From my experience - I wish I tried more at school times. It's much harder
once everyone has their own life / family to take care of.

------
peterlk
> Is it normal that I don't have close friends and that I'm solitary?

This is quite a common narrative. But it is also very easy for it to become a
self-fulfilling prophecy. If you don't believe that it is easy to make
friends, it will be harder to make friends. People are social creatures.
Smile, laugh, enjoy yourself, and celebrate the people around you; and you
will have friends.

> Am I missing out on anything?

Probably, but such is the narrative of life. If you're concerned about unknown
unknowns, then do more scary things. If you like programming and art, try
skateboarding or maybe join the debate team and do some public speaking. Just
do different stuff. You don't have to abandon the things you like, but you
have to make time and space to push yourself into places that are
uncomfortable.

> What hobbies do you advise me to adopt that I can do in a group, with
> camaraderie?

Anything with a group of individuals who are working together. Team sports,
band, some ROTC, debate, school newspaper, . I would also caution against the
impulse to be "better" than everyone else. Camaraderie comes from working
together as a team, not from being better than your teammates. There is enough
available success in the world to go around. There's no need to step on people
to get there.

> Will college be the same or different than high school?

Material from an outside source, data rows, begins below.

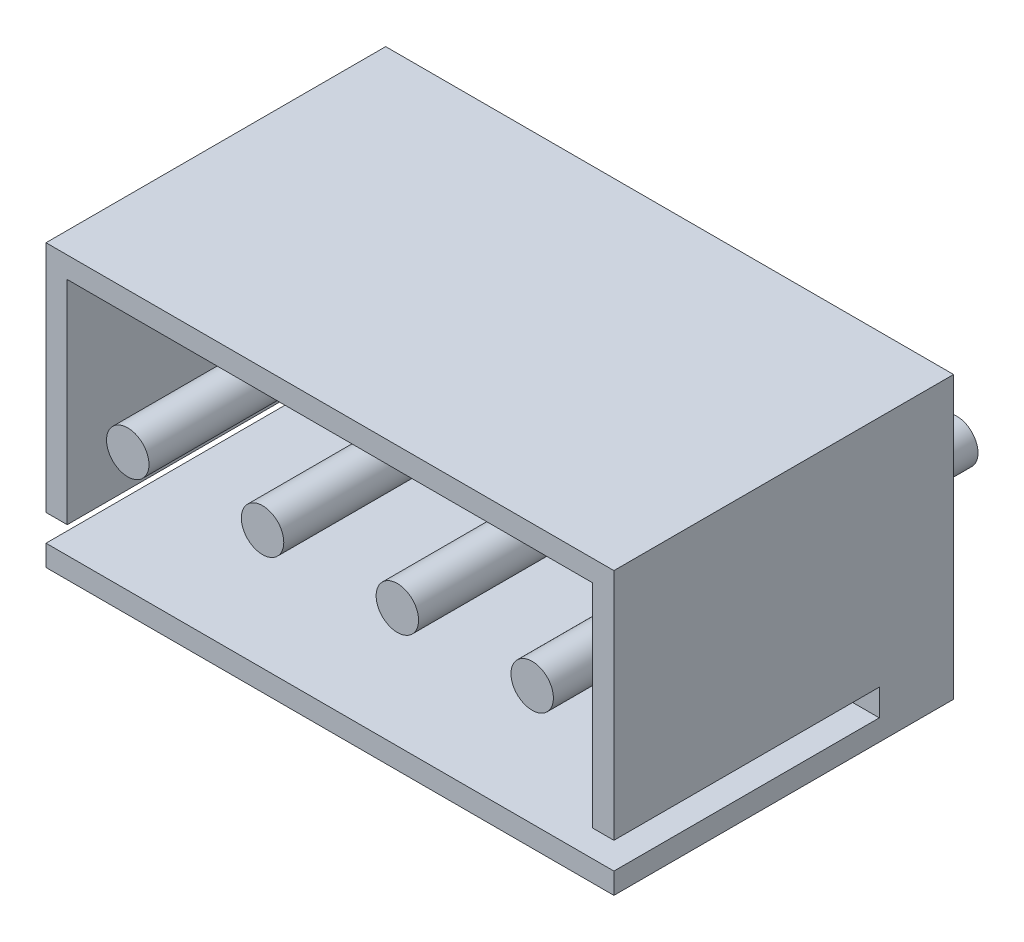
SolidWorks part; units mm, degrees
ref_plane "Спереди" through (0, 0, 0) normal (0, 0, 1) x (1, 0, 0)
ref_plane "Сверху" through (0, 0, 0) normal (0, 1, 0) x (1, 0, 0)
ref_plane "Справа" through (0, 0, 0) normal (1, 0, 0) x (0, 0, -1)
sketch "Эскиз1" plane through (0, 0, 0) normal (0, 0, 1) x (1, 0, 0)
  line L0 (0, 43.0382) -> (0, -41.0882) construction
  line L1 (-52.7879, 0) -> (56.1307, 0) construction
  line L3 (-5.35, 2.65) -> (5.35, 2.65)
  line L4 (-5.35, 2.65) -> (-5.35, -2.65)
  line L5 (-5.35, -2.65) -> (5.35, -2.65)
  line L6 (5.35, 2.65) -> (5.35, -2.65)
  dimension "D1" = 10.7
  dimension "D2" = 5.3
extrude "Вытянуть1" add sketch "Эскиз1" along normal blind 6.4
sketch "Эскиз2" plane through (0, 0, 6.4) normal (0, 0, 1) x (1, 0, 0)
  line L14 (-4.5773, 0) -> (3.2862, 0) construction
  line L15 (0, 1.6982) -> (0, -0.832) construction
  line L18 (-4.95, -2.25) -> (4.95, -2.25)
  line L19 (4.95, -2.25) -> (4.95, 2.25)
  line L20 (4.95, 2.25) -> (-4.95, 2.25)
  line L21 (-4.95, 2.25) -> (-4.95, -2.25)
  line L22 (-4.95, -2.25) -> (4.95, -2.25)
  line L23 (4.95, -2.25) -> (4.95, 2.25)
  line L24 (4.95, 2.25) -> (-4.95, 2.25)
  line L25 (-4.95, 2.25) -> (-4.95, -2.25)
  circle A0 centre (-1.27, 0) radius 0.4
  circle A1 centre (1.27, 0) radius 0.4
  circle A2 centre (-3.81, 0) radius 0.4
  circle A3 centre (3.81, 0) radius 0.4
  dimension "D2" = 2.54
  dimension "D3" = 0.8
  dimension "D4" = 2.54
  dimension "D1" = 0.4
extrude "Вырез-Вытянуть1" cut sketch "Эскиз2" against normal blind 5
sketch "Эскиз3" plane through (0, 0, 6.4) normal (0, 0, 1) x (1, 0, 0)
  line L1 (-6.5166, -2.2528) -> (6.3828, -2.2528)
  line L2 (-6.5166, -2.2528) -> (-6.5166, -1.7514)
  line L3 (-6.5166, -1.7514) -> (6.3828, -1.7514)
  line L4 (6.3828, -2.2528) -> (6.3828, -1.7514)
extrude "Вырез-Вытянуть2" cut sketch "Эскиз3" against normal up to surface (5 mm away) up to face at (3.41, 0, 1.4)
sketch "Эскиз4" plane through (0, 0, 6.4) normal (0, 0, 1) x (1, 0, 0)
  circle A1 centre (-1.27, 0) radius 0.4
  circle A2 centre (-1.27, 0) radius 0.4
  circle A3 centre (1.27, 0) radius 0.4
  circle A4 centre (1.27, 0) radius 0.4
  circle A5 centre (-3.81, 0) radius 0.4
  circle A6 centre (-3.81, 0) radius 0.4
  circle A7 centre (3.81, 0) radius 0.4
  circle A8 centre (3.81, 0) radius 0.4
  dimension "D1" = 0
  dimension "D2" = 0
  dimension "D3" = 0
  dimension "D4" = 0
extrude "Вытянуть2" add sketch "Эскиз4" against normal blind 8
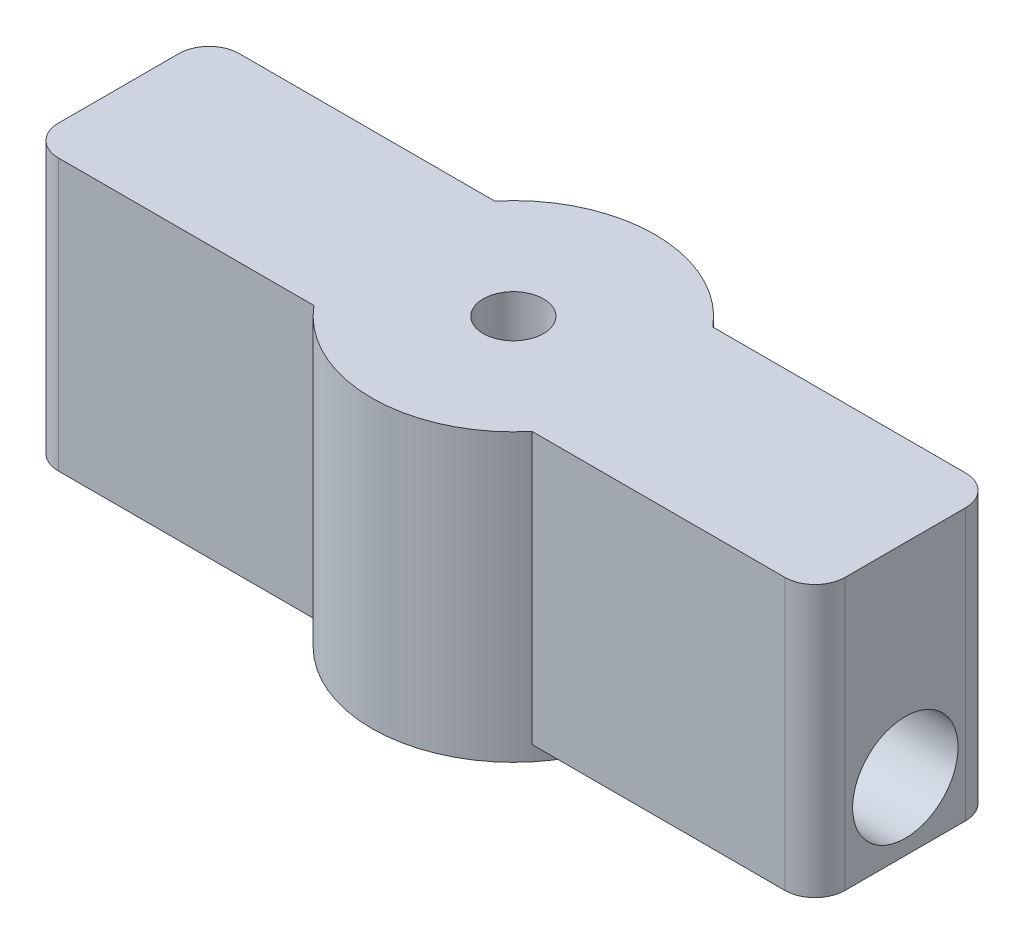
SolidWorks part; units mm, degrees
ref_plane "Front Plane" through (0, 0, 0) normal (0, 0, 1) x (1, 0, 0)
ref_plane "Top Plane" through (0, 0, 0) normal (0, 1, 0) x (1, 0, 0)
ref_plane "Right Plane" through (0, 0, 0) normal (1, 0, 0) x (0, 0, -1)
sketch "Sketch1" plane through (0, 0, 0) normal (0, 1, 0) x (1, 0, 0)
  circle A0 centre (0, 0) radius 2.5
  circle A1 centre (0, 0) radius 4.7
  dimension "D1" = 5
  dimension "D2" = 2.2
extrude "Boss-Extrude1" add sketch "Sketch1" along normal blind 5
sketch "Sketch2" plane through (0, 5, 0) normal (0, 1, 0) x (1, 0, 0)
  circle A0 centre (0, 0) radius 4.7
  circle A1 centre (0, 0) radius 4.7 construction
  dimension "D1" = 0
extrude "Boss-Extrude2" add sketch "Sketch2" along normal blind 4.5
sketch "Sketch3" plane through (0, 9.5, 0) normal (0, 1, 0) x (1, 0, 0)
  circle A0 centre (0, 0) radius 1
  dimension "D1" = 2
extrude "Cut-Extrude1" cut sketch "Sketch3" against normal blind 4.5
ref_plane "Plane1" through (4.7, 0, 0) normal (1, 0, 0) x (0, 0, -1)
sketch "Sketch6" plane through (4.7, 0, 0) normal (1, 0, 0) x (0, 0, -1)
  line L1 (3, 6.5) -> (-3, 6.5)
  line L2 (3, 6.5) -> (3, 0.5)
  line L3 (3, 0.5) -> (-3, 0.5)
  line L4 (-3, 6.5) -> (-3, 0.5)
  line L6 (-2.5, 0) -> (2.5, 0) construction
  line L7 (4.7, 9.5) -> (-4.7, 9.5) construction
  line L8 (4.7, 0) -> (4.7, 9.5) construction
  line L9 (-4.7, 9.5) -> (-4.7, 0) construction
  dimension "D1" = 6
  dimension "D2" = 6
  dimension "D3" = 1.7
  dimension "D4" = 1.7
  dimension "D5" = 0.5
  dimension "D6" = 3
extrude "Boss-Extrude3" add sketch "Sketch6" along normal blind 8.31 separate body
sketch "Sketch7" plane through (4.7, 0, 0) normal (-1, 0, 0) x (0, 0, 1)
  line L4 (-3, 6.5) -> (-3, 0.5)
  line L5 (-3, 0.5) -> (3, 0.5)
  line L6 (3, 0.5) -> (3, 6.5)
  line L7 (3, 6.5) -> (-3, 6.5)
  line L8 (-3, 6.5) -> (-3, 0.5)
  line L9 (-3, 0.5) -> (3, 0.5)
  line L10 (3, 0.5) -> (3, 6.5)
  line L11 (3, 6.5) -> (-3, 6.5)
  dimension "D1" = 0
extrude "Boss-Extrude4" add sketch "Sketch7" along normal blind 2
fillet "Fillet1" radius 1 2 edges at (13.01, 3.5, -3) (13.01, 3.5, 3)
sketch "Sketch8" plane through (13.01, 0, 0) normal (1, 0, 0) x (0, 0, -1)
  line L0 (-3, 6.5) -> (-3, 0.5) construction
  line L1 (3, 0.5) -> (3, 6.5) construction
  line L2 (2, 6.5) -> (-2, 6.5) construction
  line L3 (-2, 0.5) -> (2, 0.5) construction
  circle A0 centre (0, 2.75) radius 1.75
  dimension "D1" = 3.5
  dimension "D2" = 3
  dimension "D3" = 3
  dimension "D5" = 2.25
  dimension "D4" = 3.75
sketch "Sketch9" plane through (0, 6.5, 0) normal (0, 1, 0) x (1, 0, 0)
  line L3 (13.01, -2) -> (13.01, 2)
  line L4 (12.01, 3) -> (3.618, 3)
  line L5 (3.618, -3) -> (12.01, -3)
  line L6 (13.01, -2) -> (13.01, 2)
  line L7 (12.01, 3) -> (3.618, 3)
  line L8 (3.618, -3) -> (12.01, -3)
  arc A3 (13.01, 2) -> (12.01, 3) centre (12.01, 2) ccw
  arc A4 (3.618, -3) -> (3.618, 3) centre (0, 0) ccw
  arc A5 (12.01, -3) -> (13.01, -2) centre (12.01, -2) ccw
  arc A6 (13.01, 2) -> (12.01, 3) centre (12.01, 2) ccw
  arc A7 (3.618, -3) -> (3.618, 3) centre (0, 0) ccw
  arc A8 (12.01, -3) -> (13.01, -2) centre (12.01, -2) ccw
  dimension "D1" = 0
extrude "Boss-Extrude5" add sketch "Sketch9" along normal up to surface (3 mm away) up to face at (0, 9.5, 1)
sketch "Sketch10" plane through (0, 9.5, 0) normal (0, 1, 0) x (1, 0, 0)
  line L1 (3.618, -3) -> (-13.1, -3)
  line L2 (3.618, -3) -> (3.618, 3)
  line L3 (3.618, 3) -> (-13.1, 3)
  line L4 (-13.1, -3) -> (-13.1, 3)
  circle A0 centre (0, 0) radius 4.5
  arc M6 (3.618, 3) -> (3.618, -3) centre (0, 0) ccw
  dimension "D2" = 9
  dimension "D1" = 13.1
extrude "Boss-Extrude6" add sketch "Sketch10" against normal up to surface (9 mm away) contours L4 L1 L3 M6
fillet "Fillet2" radius 1 2 edges at (-13.1, 5, 3) (-13.1, 5, -3)
extrude "Cut-Extrude6" cut sketch "Sketch8" against normal blind 37 contours A0
sketch "Sketch14" plane through (13.01, 0, 0) normal (1, 0, 0) x (0, 0, -1)
  line L1 (0, 2.75) -> (1.8416, 2.75)
  line L2 (0, 2.75) -> (0, 5.3563)
  line L3 (0, 5.3563) -> (1.8416, 5.3563)
  line L4 (1.8416, 2.75) -> (1.8416, 5.3563)
  circle A0 centre (0, 2.75) radius 1.75 construction
  circle A1 centre (0, 2.75) radius 1.75
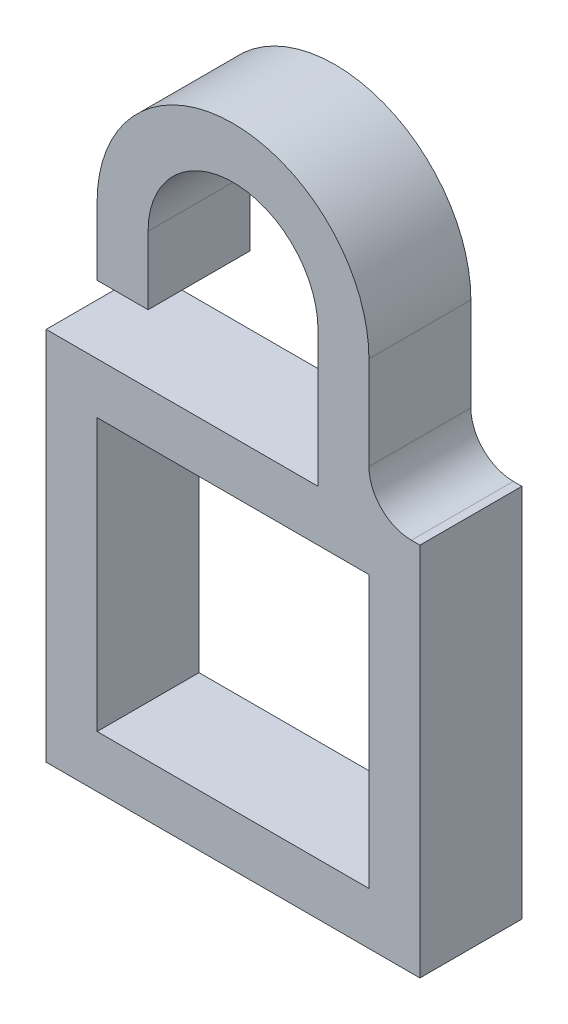
SolidWorks part; units mm, degrees
ref_plane "前视基准面" through (0, 0, 0) normal (0, 0, 1) x (1, 0, 0)
ref_plane "上视基准面" through (0, 0, 0) normal (0, 1, 0) x (1, 0, 0)
ref_plane "右视基准面" through (0, 0, 0) normal (1, 0, 0) x (0, 0, -1)
sketch "草图1" plane through (0, 0, 0) normal (0, 0, 1) x (1, 0, 0)
  line L0 (0, -16) -> (0, 0) construction
  line L1 (-10, -8) -> (-10, 0)
  line L2 (10, -16) -> (10, 0)
  line L4 (-10, -16) -> (10, -16)
  line L5 (-10, -22) -> (10, -22)
  line L7 (-16, -8) -> (-16, 0)
  line L8 (16, -16) -> (16, 0)
  line L9 (-16, -8) -> (-10, -8)
  line L10 (16, -16) -> (-16, -16)
  line L11 (16, -22) -> (10, -22)
  line L12 (-16, -22) -> (-10, -22)
  line L13 (-16, -22) -> (-16, -54)
  line L14 (-16, -54) -> (-22, -54)
  line L15 (-22, -54) -> (-22, -16)
  line L16 (-22, -16) -> (-16, -16)
  line L17 (22, -16) -> (16, -16)
  line L18 (22, -54) -> (22, -16)
  line L19 (16, -54) -> (22, -54)
  line L20 (16, -22) -> (16, -54)
  line L21 (-22, -54) -> (-22, -60.1298)
  line L22 (-22, -60.1298) -> (22, -60.1298)
  line L23 (22, -60.1298) -> (22, -54)
  line L24 (16, -54) -> (-16, -54)
  arc A1 (10, 0) -> (-10, 0) centre (0, 0) ccw
  arc A2 (16, 0) -> (-16, 0) centre (0, 0) ccw
  point P3 (0, -10)
  dimension "D1" = 8
  dimension "D2" = 6
  dimension "D4" = 16
  dimension "D3" = 20
  dimension "D5" = 32
  dimension "D6" = 6
  dimension "D7" = 32
  dimension "D8" = 38
extrude "凸台-拉伸1" add sketch "草图1" along normal blind 12 contours L8 A2 L7 L9 L1 A1 L2 L10 | L11 L20 L19 L18 L17 L10 L4 L16 L15 L14 L13 L12 L5 | L19 L24 L14 L21 L22 L23
fillet "圆角1" radius 5 1 edges at (16, -16, 6)
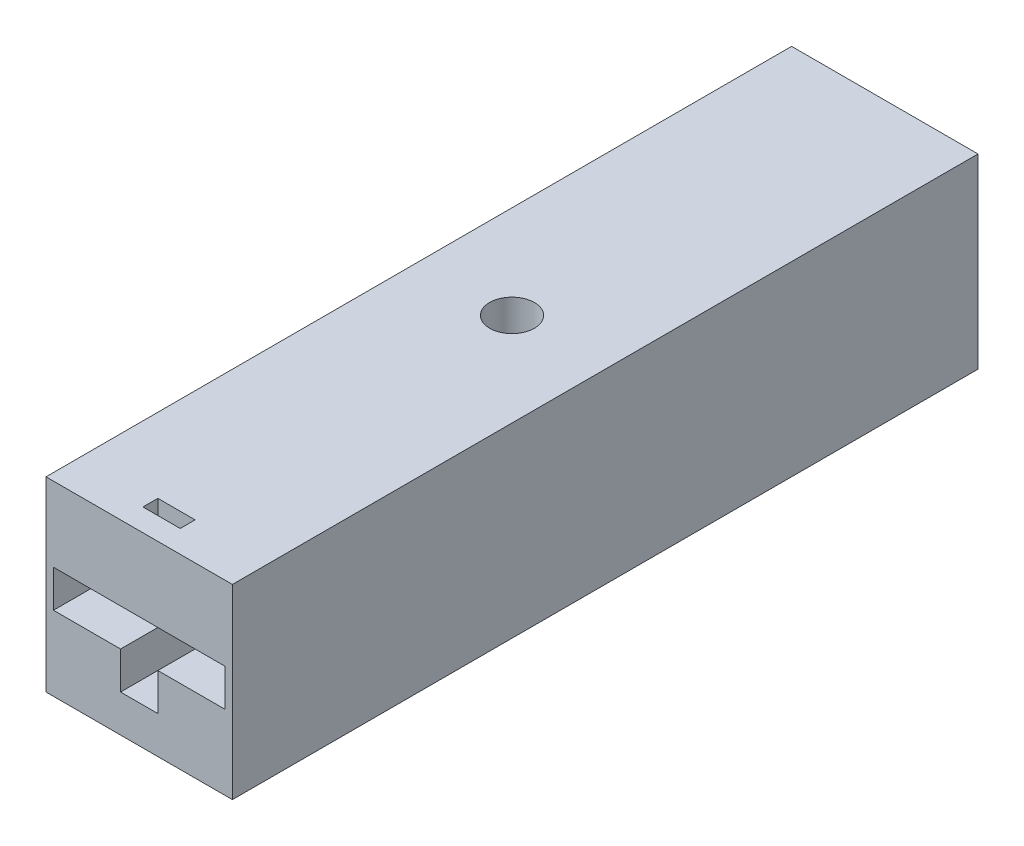
SolidWorks part; units mm, degrees
ref_plane "Plan de face" through (0, 0, 0) normal (0, 0, 1) x (1, 0, 0)
ref_plane "Plan de dessus" through (0, 0, 0) normal (0, 1, 0) x (1, 0, 0)
ref_plane "Plan de droite" through (0, 0, 0) normal (1, 0, 0) x (0, 0, -1)
sketch "Esquisse1" plane through (0, 0, 0) normal (0, 0, 1) x (1, 0, 0)
  line L1 (-12.5, -12.5) -> (12.5, -12.5)
  line L2 (-12.5, -12.5) -> (-12.5, 12.5)
  line L3 (-12.5, 12.5) -> (12.5, 12.5)
  line L4 (12.5, -12.5) -> (12.5, 12.5)
  line L5 (-12.5, -12.5) -> (12.5, 12.5) construction
  line L6 (-12.5, 12.5) -> (12.5, -12.5) construction
  point P0 (0, 0)
  dimension "D1" = 25
  dimension "D2" = 25
extrude "Boss.-Extru.1" add sketch "Esquisse1" along normal blind 100
sketch "Esquisse3" plane through (0, 0, 100) normal (0, 0, 1) x (1, 0, 0)
  line L0 (-11.5, 2.5) -> (-11.5, -2.5) construction
  line L1 (-11.5, -2.5) -> (11.5, -2.5) construction
  line L2 (-11.5, -2.5) -> (-11.5, 2.5) construction
  line L3 (-11.5, 2.5) -> (11.5, 2.5) construction
  line L4 (11.5, -2.5) -> (11.5, 2.5) construction
  line L5 (-11.5, -2.5) -> (11.5, 2.5) construction
  line L6 (-11.5, 2.5) -> (11.5, -2.5) construction
  line L7 (-11.5, 2.5) -> (11.5, 2.5)
  line L8 (-2.5, -2.5) -> (2.5, -2.5) construction
  line L9 (-2.5, -2.5) -> (-2.5, -7.5) construction
  line L10 (-2.5, -7.5) -> (2.5, -7.5) construction
  line L11 (2.5, -2.5) -> (2.5, -7.5) construction
  line L12 (11.5, 2.5) -> (11.5, -2.5)
  line L13 (11.5, -2.5) -> (2.5, -2.5)
  line L14 (2.5, -2.5) -> (2.5, -7.5)
  line L15 (2.5, -7.5) -> (-2.5, -7.5)
  line L16 (-2.5, -7.5) -> (-2.5, -2.5)
  line L17 (-2.5, -2.5) -> (-11.5, -2.5)
  line L18 (-11.5, -2.5) -> (-11.5, 2.5)
  point P0 (0, 0)
  point P10 (0, -7.5)
  dimension "D1" = 23
  dimension "D2" = 5
  dimension "D3" = 5
  dimension "D4" = 5
extrude "Enlèv. mat.-Extru.2" cut sketch "Esquisse3" against normal blind 10
sketch "Esquisse4" plane through (0, 0, 0) normal (0, 0, 1) x (1, 0, 0)
  line L0 (2.5, 11.5) -> (-2.5, 11.5)
  line L1 (-2.5, -11.5) -> (2.5, -11.5) construction
  line L2 (-2.5, -11.5) -> (-2.5, 11.5) construction
  line L3 (-2.5, 11.5) -> (2.5, 11.5) construction
  line L5 (2.5, 2.5) -> (7.5, 2.5)
  line L7 (2.5, -2.5) -> (7.5, -2.5) construction
  line L9 (2.5, 2.5) -> (7.5, 2.5) construction
  line L10 (7.5, -2.5) -> (7.5, 2.5) construction
  line L11 (-2.5, 11.5) -> (-2.5, -11.5)
  line L12 (-2.5, -11.5) -> (2.5, -11.5)
  line L13 (2.5, -11.5) -> (2.5, -2.5)
  line L14 (2.5, -2.5) -> (7.5, -2.5)
  line L15 (7.5, -2.5) -> (7.5, 2.5)
  line L16 (7.5, 2.5) -> (2.5, 2.5)
  line L17 (2.5, 2.5) -> (2.5, 11.5)
  line L18 (7.5, -2.5) -> (2.5, -2.5)
  line L19 (-2.5, 11.5) -> (2.5, -11.5) construction
  line L20 (-2.5, -11.5) -> (2.5, 11.5) construction
  point P0 (0, 0)
  point P10 (7.5, 0)
  point P11 (0, 0)
  dimension "D1" = 5
  dimension "D2" = 23
  dimension "D3" = 5
  dimension "D4" = 5
sketch "Esquisse9" plane through (0, 12.5, 0) normal (0, 1, 0) x (1, 0, 0)
  line L0 (-12.5, -100) -> (12.5, 0) construction
  circle A0 centre (0, -50) radius 3
extrude "Enlèv. mat.-Extru.4" cut sketch "Esquisse9" against normal blind 54
extrude "Enlèv. mat.-Extru.5" cut sketch "Esquisse4" along normal blind 10 contours L17 L0 L11 L12 L13 L14 L15 L16
sketch "Esquisse10" plane through (0, 12.5, 0) normal (0, 1, 0) x (1, 0, 0)
  line L0 (0, -100) -> (0, -96) construction
  line L1 (12.5, -100) -> (-12.5, -100) construction
  line L3 (-2.5, -97) -> (2.5, -97)
  line L4 (-2.5, -97) -> (-2.5, -95)
  line L5 (-2.5, -95) -> (2.5, -95)
  line L6 (2.5, -97) -> (2.5, -95)
  line L7 (-2.5, -97) -> (2.5, -95) construction
  line L8 (-2.5, -95) -> (2.5, -97) construction
  dimension "D1" = 4
extrude "Enlèv. mat.-Extru.6" cut sketch "Esquisse10" against normal blind 13
sketch "Esquisse11" plane through (-12.5, 0, 0) normal (-1, 0, 0) x (0, 0, 1)
  line L0 (0, 0) -> (4, 0) construction
  line L2 (3, -2.5) -> (5, -2.5)
  line L3 (3, -2.5) -> (3, 2.5)
  line L4 (3, 2.5) -> (5, 2.5)
  line L5 (5, -2.5) -> (5, 2.5)
  line L6 (3, -2.5) -> (5, 2.5) construction
  line L7 (3, 2.5) -> (5, -2.5) construction
  dimension "D1" = 2
  dimension "D2" = 5
extrude "Enlèv. mat.-Extru.7" cut sketch "Esquisse11" against normal blind 13

Both. People will still come in all flavors. The amplitudes of their behaviors
will likely be different than what you're used to, but the same behaviors will
be there.

> Can I have the same kind of youthful fun when I'm an adult?

Depends on how you define "youthful fun" and "adult". The available options of
a 70 year old person are much more physically limited than a 17 year old
person. And there is some continuous curve that links those two points. But at
70, you've had a lifetime to accumulate wealth (and maybe some time to blow it
too), so the 17 year old may be more financially limited than the 70 year old.
Do what you can with what you have.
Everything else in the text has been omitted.